Honouring the Lord our God in 21st-century Canada
By Bruce Clemenger. Reprinted with permission from Faith Today. Subscribe to read more of Bruce's columns.
For all the peoples walk each in the name of its god, but we will walk in the name of the Lord our God forever and ever. Micah 4:5 (ESV)
It may sound anachronistic to talk about gods and idols in 21st-century Canada. Yet everyone believes in something, puts trust somewhere, is devoted to someone or something which gives security and hope.
Everyone faces a persistent danger in allowing people to become gods (celebrities, authority figures, parents – anyone) or turning things into idols (devices, dogma, institutions – anything imparting security or status). These can affect us at the deepest levels of our hearts and minds, where our worship begins.
It is vital that we understand our culture’s gods and idols because they confront us unsolicited. We may even admire them, own or use the same things, employ the same ideas and concepts from narratives, ideologies or philosophies others have constructed to make sense of the world.
This can create confusion to both observers and users. It can also lead Christ-followers onto a crooked path, a slow yielding to the gods and idols rather than a countercultural movement challenging the gods and idols.
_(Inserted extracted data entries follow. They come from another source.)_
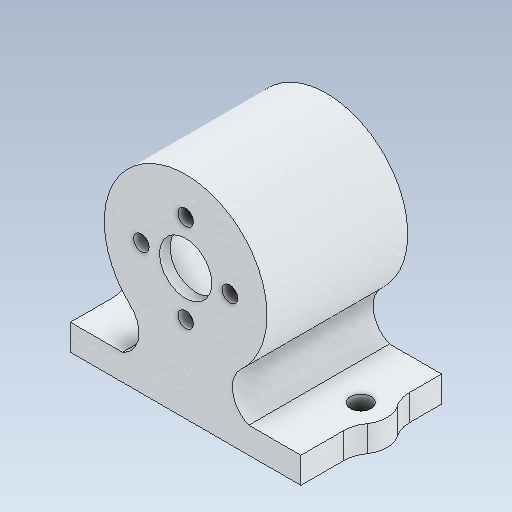
# Autodesk Inventor part: BaseM1
Saved by Autodesk Inventor 2021 (Build 250183000, 183)
## iProperties
Created: 2022-10-28
Part Number: BaseM1
Material: Generic
Document SubType Name: Modeling
Designer: zulet
Density: 1 g/cm^3
Appearance: White
Mass: 16.767 g
Surface Area: 88.0452 cm^2
Volume: 16.767 cm^3
Author: zulet
Autodesk Inventor part; units mm, degrees
ref_plane "YZ Plane" through (0, 0, 0) normal (1, 0, 0) x (0, 1, 0)
ref_plane "XZ Plane" through (0, 0, 0) normal (0, 1, 0) x (-1, 0, 0)
ref_plane "XY Plane" through (0, 0, 0) normal (0, 0, 1) x (1, 0, 0)
sketch "Sketch1" plane through (0, 0, 0) normal (0, 0, 1) x (1, 0, 0)
  circle A0 centre (0, 0) radius 12.12 projected
  circle A1 centre (0, 0) radius 12.62
  arc A2 (10.6143, -11.4595) -> (-10.6143, -11.4595) centre (0, 0) ccw
  line L0 (-12.12, -25) -> (12.12, -25)
  line L1 (12.12, 0) -> (12.12, -25.5944) construction
  line L2 (-12.12, 0) -> (-12.12, -25) construction
  line L3 (-12.12, -25) -> (12.12, -25)
  line L4 (12.12, -25) -> (12.12, -20)
  line L5 (12.12, -20) -> (-12.12, -20)
  line L6 (-12.12, -20) -> (-12.12, -25)
  arc A3 (-12.12, -20) -> (-10.6143, -11.4595) centre (-14.12, -15.2444) ccw
  line L7 (0, 0) -> (0, 15.62) construction
  arc A4 (10.6143, -11.4595) -> (12.12, -20) centre (14.12, -15.2444) ccw
  point P0 (12.12, -25)
  dimension "d0" = 0.5
  dimension "d1" = 3
  dimension "d2" = 25
  dimension "d3" = 5
  dimension "d4" = 2
  constraints: 16 end point, 9 point on circle, 4 centre point, 3 tangent, 3 vertical, 2 horizontal, 2 parallel, 2 perpendicular, 2 point on line, 2 symmetric about line, 1 other
  measures "d0" radial gap between concentric circles of A0 A1
  measures "d1" radial gap between concentric circles of A1 A2
  measures "d2" distance from line of L0 point (0, 0)
  measures "d3" distance of L4.end L3.end
  measures "d4" distance from line of L2 A3.centre
extrude "Extrusion1" add sketch "Sketch1" against normal blind 25 contours A4 L5 A3 A2 | L4 L0 L6 L5
sketch "Sketch2" plane through (12.12, -25, 0) normal (1, 0, 0) x (0, 0, -1)
  line L0 (0, 0) -> (0, 5) projected
  line L1 (0, 0) -> (25, 0) projected
  line L2 (25, 5) -> (25, 0) projected
  line L3 (0, 5) -> (25, 5) projected
  point P0 (0, 25)
extrude "Extrusion2" add sketch "Sketch2" along normal blind 10
sketch "Sketch3" plane through (-12.12, -25, 0) normal (-1, 0, 0) x (0, 0, 1)
  line L0 (0, 5) -> (0, 0) projected
  line L1 (0, 5) -> (-25, 5) projected
  line L2 (-25, 0) -> (-25, 5) projected
  line L3 (0, 0) -> (-25, 0) projected
  point P0 (0, 25)
extrude "Extrusion3" add sketch "Sketch3" along normal blind 10
sketch "Sketch4" plane through (12.12, -20, 0) normal (0, 1, 0) x (1, 0, 0)
  circle A0 centre (7, 12.5) radius 2
  circle A1 centre (-31.24, 12.5) radius 2
  line L0 (7, 12.5) -> (-31.24, 12.5) construction
  line L1 (10, 25) -> (10, 0) projected
  line L2 (7, 12.5) -> (10, 12.5) construction
  line L3 (10, 0) -> (10, 25) projected
  line L4 (-34.24, 0) -> (-34.24, 25) projected
  circle A2 centre (7, 12.5) radius 5
  circle A3 centre (-31.24, 12.5) radius 5
  point P0 (-12.12, 0)
  point P1 (-34.24, 16.5)
  point P2 (-34.24, 8.5)
  point P3 (10, 16.5)
  point P4 (10, 8.5)
  dimension "d11" = 4
  dimension "d12" = 4
  dimension "d13" = 3
  dimension "d14" = 3
  dimension "d17" = 10
  dimension "d18" = 10
  constraints: 4 centre point, 4 end point, 2 coincident, 2 horizontal, 1 midpoint
  measures "d11" diameter of A0
  measures "d12" diameter of A1
  measures "d13" distance from line of L1 L0.start
  measures "d14" distance from line of L4 L0.end
  measures "d17" diameter of A2
  measures "d18" diameter of A3
extrude "Extrusion4" cut sketch "Sketch4" against normal through all contours A0 | A1
extrude "Extrusion5" add sketch "Sketch4" against normal up to surface (5 mm away) contours A2 L1 | A3 L4 picked at (10.2796, 11.4321) picked at (-35.0103, 13.5108)
fillet "Fillet1" radius 6 4 edges at (22.12, -22.5, -8.5) (22.12, -22.5, -16.5) (-22.12, -22.5, -8.5) (-22.12, -22.5, -16.5)
sketch "Sketch5" plane through (0, 0, 0) normal (0, 0, 1) x (1, 0, 0)
  arc A0 (10.6143, -11.4595) -> (-10.6143, -11.4595) centre (0, 0) ccw projected
  arc A1 (-12.12, -20) -> (-10.6143, -11.4595) centre (-14.12, -15.2444) ccw projected
  line L0 (-12.12, -20) -> (-22.12, -20) projected
  line L1 (-22.12, -25) -> (-22.12, -20) projected
  line L2 (-22.12, -25) -> (22.12, -25) projected
  line L3 (22.12, -20) -> (22.12, -25) projected
  line L4 (12.12, -20) -> (22.12, -20) projected
  arc A2 (10.6143, -11.4595) -> (12.12, -20) centre (14.12, -15.2444) ccw projected
  circle A3 centre (0, 0) radius 12.62 projected
  circle A4 centre (0, 0) radius 8.5 construction
  circle A5 centre (0, 8.5) radius 1.5
  line L5 (0, 0) -> (0, 8.5) construction
  circle A6 centre (-8.5, 0) radius 1.5
  circle A7 centre (0, -8.5) radius 1.5
  circle A8 centre (8.5, 0) radius 1.5
  circle A9 centre (0, 0) radius 5
  dimension "d22" = 17
  dimension "d23" = 3
  dimension "d26" = 360
  dimension "d28" = 10
  constraints: 5 centre point, 2 coincident, 2 end point, 1 vertical, 1 vertical alignment, 11 other
  measures "d23" diameter of A5
  measures "d28" diameter of A9
extrude "Extrusion6" add sketch "Sketch5" along normal blind 2 contours A2 L4 L3 L2 L1 L0 A1 A0 | A3
equation "\"d1\" = TB"
equation "\"d2\" = HSE"
equation "\"d5\" = PB"
equation "\"DER\" = 22"
equation "\"HR\" = 7"
equation "\"DIR\" = 8"
equation "\"DEM\" = 4"
equation "\"Dmarc\" = 17.5"
equation "\"Bsm\" = 22.5"
equation "\"Hsm\" = 12"
equation "\"Lsm\" = 21"
equation "\"Dsc\" = 5"
equation "\"RC\" = 7"
equation "\"TB\" = 3"
equation "\"HSE\" = 25"
equation "\"PB\" = 25"
equation "\"LMaSP\" = 46.5"
body "Solid1"

In a culture that oozes celebrity worship and material wealth for identity formation, how are we to be different when it comes to our sources of self-worth, esteem and respect? In a society whose trust is placed in technology provide for needs – what the technology can do it must deliver – are we as believers compromising in our hearts toward techno-idolatry as life and meaning rather than toward God?
Idolatry is taking something from God’s creation and worshipping it. The psalmist rightly says, "Those who make them become like them; so do all who trust in them" (Psalm 115:8 ESV). The spiritual principle is to be aware that hearts and minds can become conformed to the dictates of the god or idol unaware.
It is vital that we understand our culture’s gods and idols because they confront us unsolicited.
When God is "the Lord our God" and we walk in His name (Micah 4:5), we can stand in the Spirit with courage to face the gods and idols of this world – dethroning the significance they may claim to have. We approach these gods and idols with great caution; putting them to the test and not God (Matthew 4:1–17).
And, we can exercise self-control when the devil comes knocking with invalidating, minimizing half-truths that foster chaos in our relationships with God or among others. The danger of putting anyone or anything in the place of God was articulated at Mount Sinai and wrestled out by Jesus who shows us the way – with freedom we choose daily to turn from these things and turn to God as Lord (Luke 4:1–14).
By God’s mercy and compassion, this Lord, YHWH who initiated a covenant relationship with His people, holds up His end of that sacred covenant. He continues to love His people and not give up on them. God calls humanity back to giving people and things the places God intended for them.
God meets wounded worshippers who are transformed by the renewing of mind and heart through the process of Scripture reading, prayer, praise, surrender and enabling by the Holy Spirit who guides in God’s perfect ways. Walking with deep peace and great contentment, we worship in the transformed and ever-renewing commitment to His ways and not those of the gods or idols (Romans 12).
If we find love, significance and security in another person and not the Lord our God, then we put on others a burden they are not meant to carry. If it’s a thing we are looking to in order to ease the burdens of life, then we take on burdens we were not meant to carry by maintaining that thing, be it property, work or other sources of pleasure.
When God is our LORD, we enjoy the freedom to set boundaries and keep them while meeting the genuine needs of self-care and of others.
Our faith makes understanding the Lord of lords, our God above all gods, an essential matter for living a life honouring to God (1 Timothy 6:15, Psalm 135).
Jesus, when asked who was His neighbour, spoke into the freedom we have and brought meaning to the other eight commandments (Exodus 20:1–17). When God is our Lord, we enjoy the freedom to set boundaries and keep them while meeting the genuine needs of self-care and of others. In doing so, we will joyfully honour God and others by keeping the sacred life-giving directives of the covenant He designed for us.
This truth sets us free to bear witness to our calling. Our priorities and plans will put people and things in their proper places, so God alone is worshipped, served and glorified. Our capacity to love in this way is walking the straight path in which blessings flow from this Lord, our God.